There are roughly two months to go until Zimbabwe holds general and presidential elections, and for the first time, without the participation of former President Robert Mugabe, the longtime leader who resigned in dramatic circumstances on November 21.
Very little has changed under the new administration on the economic, social and political fronts.
The principal beneficiary of the post-November order seems to be the increasingly influential military complex, led by former Zimbabwe Defence Forces (ZDF) commander-in-chief, and now powerful Vice President and retired general, Constantino Chiwenga.
Millions of Zimbabweans celebrated the departure of Mugabe from the political scene after an often despotic and barely lawful 37-year rule that ended with economic and social malaise – and reportedly three million people living in exile, mainly in South Africa and the UK.
But Zimbabwe's new President, Emmerson Mnangagwa, formerly an ally of the strongman, has struggled to move beyond the much publicised rhetoric proclaiming "Zimbabwe is open for business" and implement substantial political reforms that may serve to attract much-needed financial investment from abroad, instil consumer confidence throughout the economy and move the US to remove targeted economic and political sanctions that were renewed on March 2.
The current political environment in Zimbabwe is not as toxic as it was last year, under a 93-year-old leader who employed an aggressive approach to divergent views and labelled opponents to his rule "foreign agents" and economic saboteurs bent on causing mayhem.
But the military complex, which comprises the army, ex-army officers and veterans from the 1970s war of independence, has begun to consolidate its power over civilian affairs by occupying positions across all branches of government and refusing to reform the executive infrastructure Mugabe abused for political ends ever since Zimbabwe was plunged into an economic quandary on November 14, 1997, a day known as "Black Friday".
Now, Chiwenga not only controls the Defence Ministry, but his erstwhile subordinates hold influential and strategic positions in the government and the ruling Zimbabwe African National Union – Patriotic Front (ZANU-PF).
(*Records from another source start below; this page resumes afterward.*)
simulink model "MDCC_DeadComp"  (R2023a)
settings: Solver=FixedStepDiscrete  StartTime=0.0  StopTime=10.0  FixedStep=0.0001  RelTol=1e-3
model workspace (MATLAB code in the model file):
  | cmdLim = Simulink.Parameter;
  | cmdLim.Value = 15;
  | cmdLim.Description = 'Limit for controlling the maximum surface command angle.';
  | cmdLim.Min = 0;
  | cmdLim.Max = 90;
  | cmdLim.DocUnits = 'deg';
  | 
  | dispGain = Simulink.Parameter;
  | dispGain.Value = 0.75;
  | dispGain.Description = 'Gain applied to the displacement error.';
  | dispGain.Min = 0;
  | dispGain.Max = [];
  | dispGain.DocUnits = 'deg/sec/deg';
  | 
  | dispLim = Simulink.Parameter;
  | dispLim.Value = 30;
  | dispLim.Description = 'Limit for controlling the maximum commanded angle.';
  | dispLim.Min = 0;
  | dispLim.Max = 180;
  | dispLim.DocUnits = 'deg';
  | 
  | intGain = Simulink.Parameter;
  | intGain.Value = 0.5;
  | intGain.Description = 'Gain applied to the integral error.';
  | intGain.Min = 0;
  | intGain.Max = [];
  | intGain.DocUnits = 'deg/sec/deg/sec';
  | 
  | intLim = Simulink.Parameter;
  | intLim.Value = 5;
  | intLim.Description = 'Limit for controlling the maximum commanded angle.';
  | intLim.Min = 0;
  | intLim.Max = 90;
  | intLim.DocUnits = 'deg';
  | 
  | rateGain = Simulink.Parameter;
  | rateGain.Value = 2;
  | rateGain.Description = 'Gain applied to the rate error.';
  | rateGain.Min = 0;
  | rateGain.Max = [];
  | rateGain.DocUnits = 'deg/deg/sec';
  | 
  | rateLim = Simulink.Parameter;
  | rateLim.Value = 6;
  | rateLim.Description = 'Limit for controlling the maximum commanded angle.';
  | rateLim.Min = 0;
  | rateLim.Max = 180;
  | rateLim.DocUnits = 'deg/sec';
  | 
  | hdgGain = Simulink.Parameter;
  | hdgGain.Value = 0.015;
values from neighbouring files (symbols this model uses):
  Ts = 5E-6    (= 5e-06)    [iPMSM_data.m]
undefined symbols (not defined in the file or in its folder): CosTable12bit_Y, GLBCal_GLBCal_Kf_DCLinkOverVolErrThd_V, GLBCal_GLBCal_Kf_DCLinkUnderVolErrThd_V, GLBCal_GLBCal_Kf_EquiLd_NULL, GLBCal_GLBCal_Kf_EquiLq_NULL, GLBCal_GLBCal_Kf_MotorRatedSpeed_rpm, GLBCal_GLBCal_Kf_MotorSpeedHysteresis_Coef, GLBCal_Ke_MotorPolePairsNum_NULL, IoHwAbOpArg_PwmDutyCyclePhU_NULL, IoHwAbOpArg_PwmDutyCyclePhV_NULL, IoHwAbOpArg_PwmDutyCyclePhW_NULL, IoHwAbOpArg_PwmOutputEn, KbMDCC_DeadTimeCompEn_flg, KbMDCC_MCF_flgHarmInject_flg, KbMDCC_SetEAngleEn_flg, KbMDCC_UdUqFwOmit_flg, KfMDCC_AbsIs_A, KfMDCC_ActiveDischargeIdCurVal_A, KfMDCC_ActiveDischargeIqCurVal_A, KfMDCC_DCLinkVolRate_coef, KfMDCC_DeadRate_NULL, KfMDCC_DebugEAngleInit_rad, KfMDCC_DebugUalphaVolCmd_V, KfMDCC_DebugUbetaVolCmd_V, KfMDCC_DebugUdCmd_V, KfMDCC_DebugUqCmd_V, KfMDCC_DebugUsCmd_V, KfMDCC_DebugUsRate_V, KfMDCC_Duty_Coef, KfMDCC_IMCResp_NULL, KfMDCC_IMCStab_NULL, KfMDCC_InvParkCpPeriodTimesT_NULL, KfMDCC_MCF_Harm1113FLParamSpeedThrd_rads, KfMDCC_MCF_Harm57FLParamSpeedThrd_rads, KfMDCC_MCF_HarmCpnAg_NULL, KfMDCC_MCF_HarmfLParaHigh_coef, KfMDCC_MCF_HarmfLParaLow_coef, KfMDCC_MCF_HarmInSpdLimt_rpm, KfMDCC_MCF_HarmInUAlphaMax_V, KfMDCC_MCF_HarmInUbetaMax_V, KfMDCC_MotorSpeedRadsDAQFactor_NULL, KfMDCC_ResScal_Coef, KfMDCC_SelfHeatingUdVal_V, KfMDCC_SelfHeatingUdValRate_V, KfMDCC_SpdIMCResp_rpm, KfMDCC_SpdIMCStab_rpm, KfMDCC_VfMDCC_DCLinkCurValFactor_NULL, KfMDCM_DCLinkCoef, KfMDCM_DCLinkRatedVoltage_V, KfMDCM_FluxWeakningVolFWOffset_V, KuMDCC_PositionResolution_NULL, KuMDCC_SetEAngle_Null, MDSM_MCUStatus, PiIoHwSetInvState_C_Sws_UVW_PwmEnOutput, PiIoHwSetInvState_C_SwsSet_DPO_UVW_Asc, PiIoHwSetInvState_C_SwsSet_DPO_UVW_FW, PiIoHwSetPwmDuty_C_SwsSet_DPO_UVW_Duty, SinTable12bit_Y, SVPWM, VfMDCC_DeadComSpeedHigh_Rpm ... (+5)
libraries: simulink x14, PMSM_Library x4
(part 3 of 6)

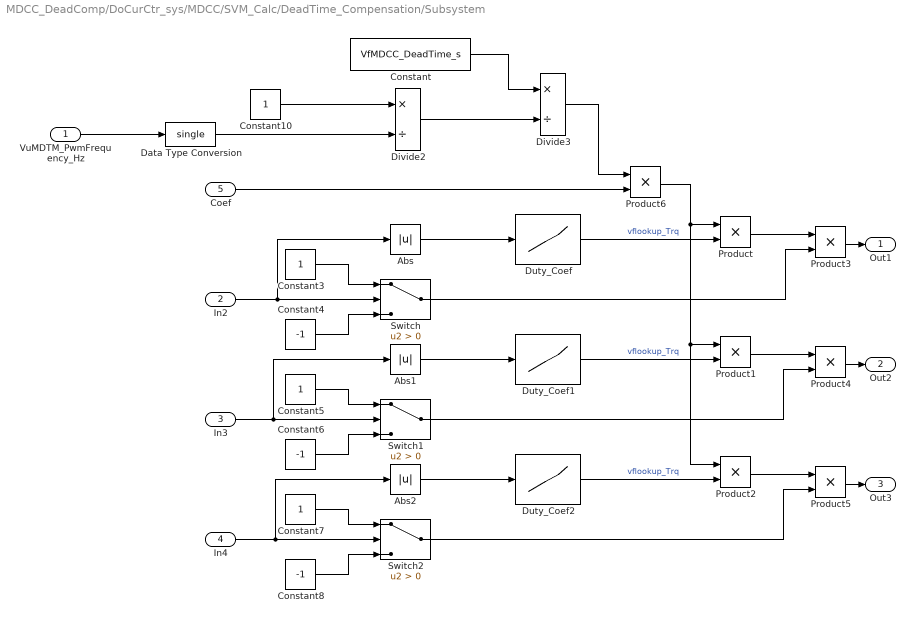
== system MDCC_DeadComp/DoCurCtr_sys/MDCC/SVM_Calc/DeadTime_Compensation/Subsystem ==
  VuMDTM_PwmFrequency_Hz : Inport
  In2 : Inport  Port=2
  In3 : Inport  Port=3
  In4 : Inport  Port=4
  Coef : Inport  Port=5
  Abs : Abs  SaturateOnIntegerOverflow=off
  Abs1 : Abs  SaturateOnIntegerOverflow=off
  Abs2 : Abs  SaturateOnIntegerOverflow=off
  Constant : Constant  Value=VfMDCC_DeadTime_s  OutDataTypeStr=single
  Constant10 : Constant  OutDataTypeStr=single
  Constant3 : Constant  OutDataTypeStr=int8
  Constant4 : Constant  Value=-1  OutDataTypeStr=int8
  Constant5 : Constant  OutDataTypeStr=int8
  Constant6 : Constant  Value=-1  OutDataTypeStr=int8
  Constant7 : Constant  OutDataTypeStr=int8
  Constant8 : Constant  Value=-1  OutDataTypeStr=int8
  Data Type Conversion : DataTypeConversion  OutDataTypeStr=single  SaturateOnIntegerOverflow=off  RndMeth=Floor
  Divide2 : Product  Inputs=*/
  Divide3 : Product  Inputs=*/
  Duty_Coef : Lookup_n-D  NumberOfTableDimensions=1  BreakpointsForDimension1=KfMDCC_AbsIs_A  BreakpointsForDimension1DataTypeStr=Inherit: Inherit from 'Breakpoint data'  IndexSearchMethod=Linear search  Table=KfMDCC_Duty_Coef  TableDataTypeStr=Inherit: Inherit from 'Table data'  ExtrapMethod=Clip  UseLastTableValue=on  InternalRulePriority=Speed  OutDataTypeStr=Inherit: Inherit from 'Table data'  RndMeth=Simplest  InputSameDT=off
  Duty_Coef1 : Lookup_n-D  NumberOfTableDimensions=1  BreakpointsForDimension1=KfMDCC_AbsIs_A  BreakpointsForDimension1DataTypeStr=Inherit: Inherit from 'Breakpoint data'  IndexSearchMethod=Linear search  Table=KfMDCC_Duty_Coef  TableDataTypeStr=Inherit: Inherit from 'Table data'  ExtrapMethod=Clip  UseLastTableValue=on  InternalRulePriority=Speed  OutDataTypeStr=Inherit: Inherit from 'Table data'  RndMeth=Simplest  InputSameDT=off
  Duty_Coef2 : Lookup_n-D  NumberOfTableDimensions=1  BreakpointsForDimension1=KfMDCC_AbsIs_A  BreakpointsForDimension1DataTypeStr=Inherit: Inherit from 'Breakpoint data'  IndexSearchMethod=Linear search  Table=KfMDCC_Duty_Coef  TableDataTypeStr=Inherit: Inherit from 'Table data'  ExtrapMethod=Clip  UseLastTableValue=on  InternalRulePriority=Speed  OutDataTypeStr=Inherit: Inherit from 'Table data'  RndMeth=Simplest  InputSameDT=off
  Product{,1..6} (7 alike) : Product
  Switch : Switch  Criteria=u2 > Threshold  SaturateOnIntegerOverflow=off  InputSameDT=off
  Switch1 : Switch  Criteria=u2 > Threshold  SaturateOnIntegerOverflow=off  InputSameDT=off
  Switch2 : Switch  Criteria=u2 > Threshold  SaturateOnIntegerOverflow=off  InputSameDT=off
  Out1 : Outport
  Out2 : Outport  Port=2
  Out3 : Outport  Port=3
  wires:
  Product/1 -> Product3/1
  Constant3/1 -> Switch/1
  Constant6/1 -> Switch1/3
  Constant8/1 -> Switch2/3
  Switch2/1 -> Product5/2
  Constant5/1 -> Switch1/1
  Duty_Coef1/1 -> Product1/2  "vflookup_Trq"
  Switch1/1 -> Product4/2
  Constant4/1 -> Switch/3
  Abs1/1 -> Duty_Coef1/1
  In4/1 -> Abs2/1, Switch2/2
  Product1/1 -> Product4/1
  Product2/1 -> Product5/1
  In3/1 -> Abs1/1, Switch1/2
  Constant7/1 -> Switch2/1
  Constant10/1 -> Divide2/1
  Abs2/1 -> Duty_Coef2/1
  Product5/1 -> Out3/1
  In2/1 -> Abs/1, Switch/2
  Duty_Coef2/1 -> Product2/2  "vflookup_Trq"
  Divide2/1 -> Divide3/2
  Duty_Coef/1 -> Product/2  "vflookup_Trq"
  Abs/1 -> Duty_Coef/1
  Constant/1 -> Divide3/1
  Switch/1 -> Product3/2
  Product3/1 -> Out1/1
  Product4/1 -> Out2/1
  VuMDTM_PwmFrequency_Hz/1 -> Data Type Conversion/1
  Data Type Conversion/1 -> Divide2/2
  Divide3/1 -> Product6/1
  Product6/1 -> Product2/1, Product1/1, Product/1
  Coef/1 -> Product6/2

== system MDCC_DeadComp/DoCurCtr_sys/MDCC/SVM_Calc/DeadTime_Compensation/TorqueDamping ==
  set : Inport
  Constant2 : Constant  Value=KfMDCC_DeadRate_NULL
  Delay : Delay  DelayLength=1
  Subsystem1 : Subsystem
  VfMDTL_TorqueCmd_Nm : Outport
  wires:
  Delay/1 -> Subsystem1/3(this_ref)
  Subsystem1/1(Out1) -> VfMDTL_TorqueCmd_Nm/1, Delay/1
  Constant2/1 -> Subsystem1/2(rate)
  set/1 -> Subsystem1/1(set)

== system MDCC_DeadComp/DoCurCtr_sys/MDCC/SVM_Calc/MDSA/SVPWM1 ==
  Ualpha_V : Inport
  Ubeta_V : Inport  Port=2
  Ts : Inport  Port=3
  Vdc : Inport  Port=4
  Bus Creator : BusCreator  Inputs=2
  Bus Creator1 : BusCreator  Inputs=2
  Bus Selector : BusSelector  OutputSignals=signal1,signal2,signal3
  Terminator : Terminator
  vIntp_PWMFOC_CalSec : Subsystem  TreatAsAtomicUnit=on  RTWFcnName=vIntp_PWMFOC_CalSec  RTWFileName=vIntp_PWMFOC_CalSec
      settings: RTWFcnNameOpts=User specified  RTWFileNameOpts=User specified
  vIntp_PWMFOC_CalTriCompValue : Subsystem  TreatAsAtomicUnit=on  RTWFcnName=vIntp_PWMFOC_CalTriCompValue  RTWFileName=vIntp_PWMFOC_CalTriCompValue
      settings: RTWFcnNameOpts=User specified  RTWFileNameOpts=User specified
  VfMDSA_PwmDutyCyclePhaseU_NULL : Outport
  VfMDSA_PwmDutyCyclePhaseV_NULL : Outport  Port=2
  VfMDSA_PwmDutyCyclePhaseW_NULL : Outport  Port=3
  wires:
  Bus Creator1/1 -> vIntp_PWMFOC_CalTriCompValue/3(Bus_Ts_Vdc)
  Vdc/1 -> Bus Creator1/2  "Vdc"
  Ts/1 -> Bus Creator1/1  "Ts"
  Ubeta_V/1 -> Bus Creator/2  "Ubeta"
  Ualpha_V/1 -> Bus Creator/1  "Ualpha"
  Bus Creator/1 -> vIntp_PWMFOC_CalSec/1(Bus_UalphaUbeta), vIntp_PWMFOC_CalTriCompValue/2(Bus_UalphaUbeta)
  vIntp_PWMFOC_CalSec/1(SecValue) -> Terminator/1
  vIntp_PWMFOC_CalSec/2(N_VALUE) -> vIntp_PWMFOC_CalTriCompValue/1(N_VALUE_IN)
  vIntp_PWMFOC_CalTriCompValue/1(Bus_CMP) -> Bus Selector/1
  Bus Selector/1 -> VfMDSA_PwmDutyCyclePhaseU_NULL/1  "<signal1>"
  Bus Selector/2 -> VfMDSA_PwmDutyCyclePhaseV_NULL/1  "<signal2>"
  Bus Selector/3 -> VfMDSA_PwmDutyCyclePhaseW_NULL/1  "<signal3>"

== system MDCC_DeadComp/DoCurCtr_sys/MDCC/SVM_Calc/MDSA/SVPWM_E ==
  Vsalfak : Inport
  Vsbetak : Inport  Port=2
  Udc : Inport  Port=3
  SVPWM1 : MATLAB Function  TreatAsAtomicUnit=on
  T1 : Outport
  T2 : Outport  Port=2
  T3 : Outport  Port=3
  wires:
  SVPWM1/1(T1) -> T1/1
  SVPWM1/2(T2) -> T2/1
  Vsalfak/1 -> SVPWM1/1(Vsalfak)
  Vsbetak/1 -> SVPWM1/2(Vsbetak)
  Udc/1 -> SVPWM1/3(Udc)
  SVPWM1/3(T3) -> T3/1

== system MDCC_DeadComp/DoCurCtr_sys/MDCC/Simulink Function/Subsystem/If Action Subsystem ==
  In1 : Inport
  Action Port : ActionPort  ActionPortLabel=if(u1 >= u2)
  Constant : Constant  Value=2*pi  OutDataTypeStr=single
  Subtract : Sum  Inputs=+-
  Out1 : Outport
  wires:
  In1/1 -> Subtract/1
  Constant/1 -> Subtract/2
  Subtract/1 -> Out1/1

== system MDCC_DeadComp/DoCurCtr_sys/MDCC/Simulink Function/Subsystem/If Action Subsystem1 ==
  In1 : Inport
  Action Port : ActionPort  ActionPortLabel=elseif(u1 <0)
  Constant : Constant  Value=2*pi  OutDataTypeStr=single
  Subtract : Sum
  Out1 : Outport
  wires:
  In1/1 -> Subtract/1
  Constant/1 -> Subtract/2
  Subtract/1 -> Out1/1

== system MDCC_DeadComp/DoCurCtr_sys/MDCC/Simulink Function/Subsystem/If Action Subsystem2 ==
  In1 : Inport
  Action Port : ActionPort  ActionPortLabel=else
  Out1 : Outport
  wires:
  In1/1 -> Out1/1

== system MDCC_DeadComp/DoCurCtr_sys/MDCC/UdUqCalc_Sys/MDCC_Inverse_Park_Transform/Do_Inverse_Park_Transform ==
  VfMDCC_UdVal_V : Inport
  VfMDCC_UqVal_V : Inport  Port=2
  VfMDCC_SinEAngleNextPWMValue_NULL : Inport  Port=3
  VfMDCC_CosEAngleNextPWMValue_NULL : Inport  Port=4
  Product{,1..3} (4 alike) : Product  RndMeth=Zero
  Subtract : Sum  Inputs=+-
  Subtract1 : Sum
  VfMDCC_VolCmd_alpha_V : Outport
  VfMDCC_VolCmd_beta_V : Outport  Port=2
  wires:
  VfMDCC_UdVal_V/1 -> Product2/1, Product/1
  Product3/1 -> Subtract1/2
  Product2/1 -> Subtract1/1
  Subtract1/1 -> VfMDCC_VolCmd_beta_V/1
  Subtract/1 -> VfMDCC_VolCmd_alpha_V/1
  Product1/1 -> Subtract/2
  VfMDCC_SinEAngleNextPWMValue_NULL/1 -> Product2/2, Product1/2
  VfMDCC_UqVal_V/1 -> Product1/1, Product3/1
  Product/1 -> Subtract/1
  VfMDCC_CosEAngleNextPWMValue_NULL/1 -> Product3/2, Product/2

== system MDCC_DeadComp/DoCurCtr_sys/MDCC/UdUqCalc_Sys/MDCC_MCF_Sys1/Clarke1 ==
  VfMDCC_PhaseUCurHarmonic_A : Inport
  VfMDCC_PhaseVCurHarmonic_A : Inport  Port=2
  VfMDCC_PhaseWCurHarmonic_A : Inport  Port=3
  Constant : Constant  Value=0.57735  OutDataTypeStr=single
  Data Type Conversion : DataTypeConversion  OutDataTypeStr=single  SaturateOnIntegerOverflow=off  RndMeth=Floor
  Product : Product
  Subtract : Sum  Inputs=+-
  VfMDCC_AlphaCurHarmonic_A : Outport
  VfMDCC_BetaCurHarmonic_A : Outport  Port=2
  wires:
  Data Type Conversion/1 -> VfMDCC_AlphaCurHarmonic_A/1  "VfMDCC_AlphaCurHarmonic_A"
  Product/1 -> VfMDCC_BetaCurHarmonic_A/1  "VfMDCC_BetaCurHarmonic_A"
  Constant/1 -> Product/2
  Subtract/1 -> Product/1
  VfMDCC_PhaseWCurHarmonic_A/1 -> Subtract/2
  VfMDCC_PhaseVCurHarmonic_A/1 -> Subtract/1
  VfMDCC_PhaseUCurHarmonic_A/1 -> Data Type Conversion/1

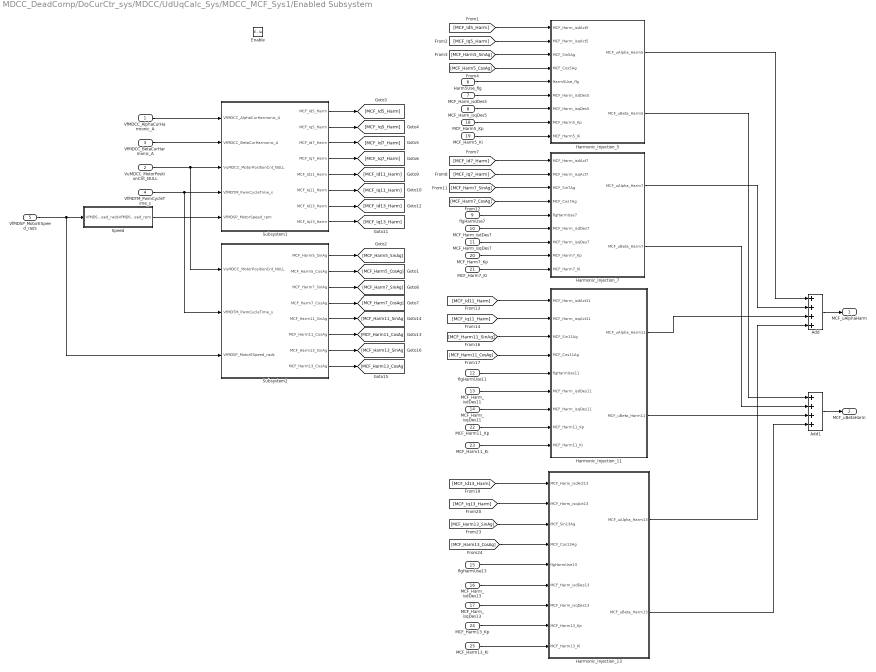
== system MDCC_DeadComp/DoCurCtr_sys/MDCC/UdUqCalc_Sys/MDCC_MCF_Sys1/Enabled Subsystem ==
  VfMDCC_AlphaCurHarmonic_A : Inport
  VuMDCC_MotorPositionCnt_NULL : Inport  Port=2
  VfMDCC_BetaCurHarmonic_A : Inport  Port=3
  VfMDTM_PwmCycleTime_s : Inport  Port=4
  VfMDSP_MotorESpeed_rads : Inport  Port=5
  Harm5Use_flg : Inport  Port=6
  MCF_Harm_isdDes5 : Inport  Port=7
  MCF_Harm_isqDes5 : Inport  Port=8
  flgHarmUse7 : Inport  Port=9
  MCF_Harm_isdDes7 : Inport  Port=10
  MCF_Harm_isqDes7 : Inport  Port=11
  flgHarmUse11 : Inport  Port=12
  MCF_Harm_isdDes11 : Inport  Port=13
  MCF_Harm_isqDes11 : Inport  Port=14
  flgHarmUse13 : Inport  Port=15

Retired Air Chief Marshal Perrance Shiri heads the Lands, Agriculture and Rural Settlement Ministry, retired Lieutenant-General Sibusiso Moyo is Foreign Affairs and International Trade minister; retired Brigadier-General George Mutandwa Chiweshe is the High Court judge president; and retired Lieutenant-General Engelbert Rugeje was appointed the ruling party's political commissariat in December 2017.
So where Mugabe ruled together with close and loyal party cadres and technocrats such as Sidney Sekeramayi, professor Jonathan Moyo, Saviour Kasukuwere and Ignatius Chombo, the Mnangagwa administration is embedded with soldiers and war veterans loyal to Chiwenga and, it increasingly appears, wholly dependent on the ideological ways of the past.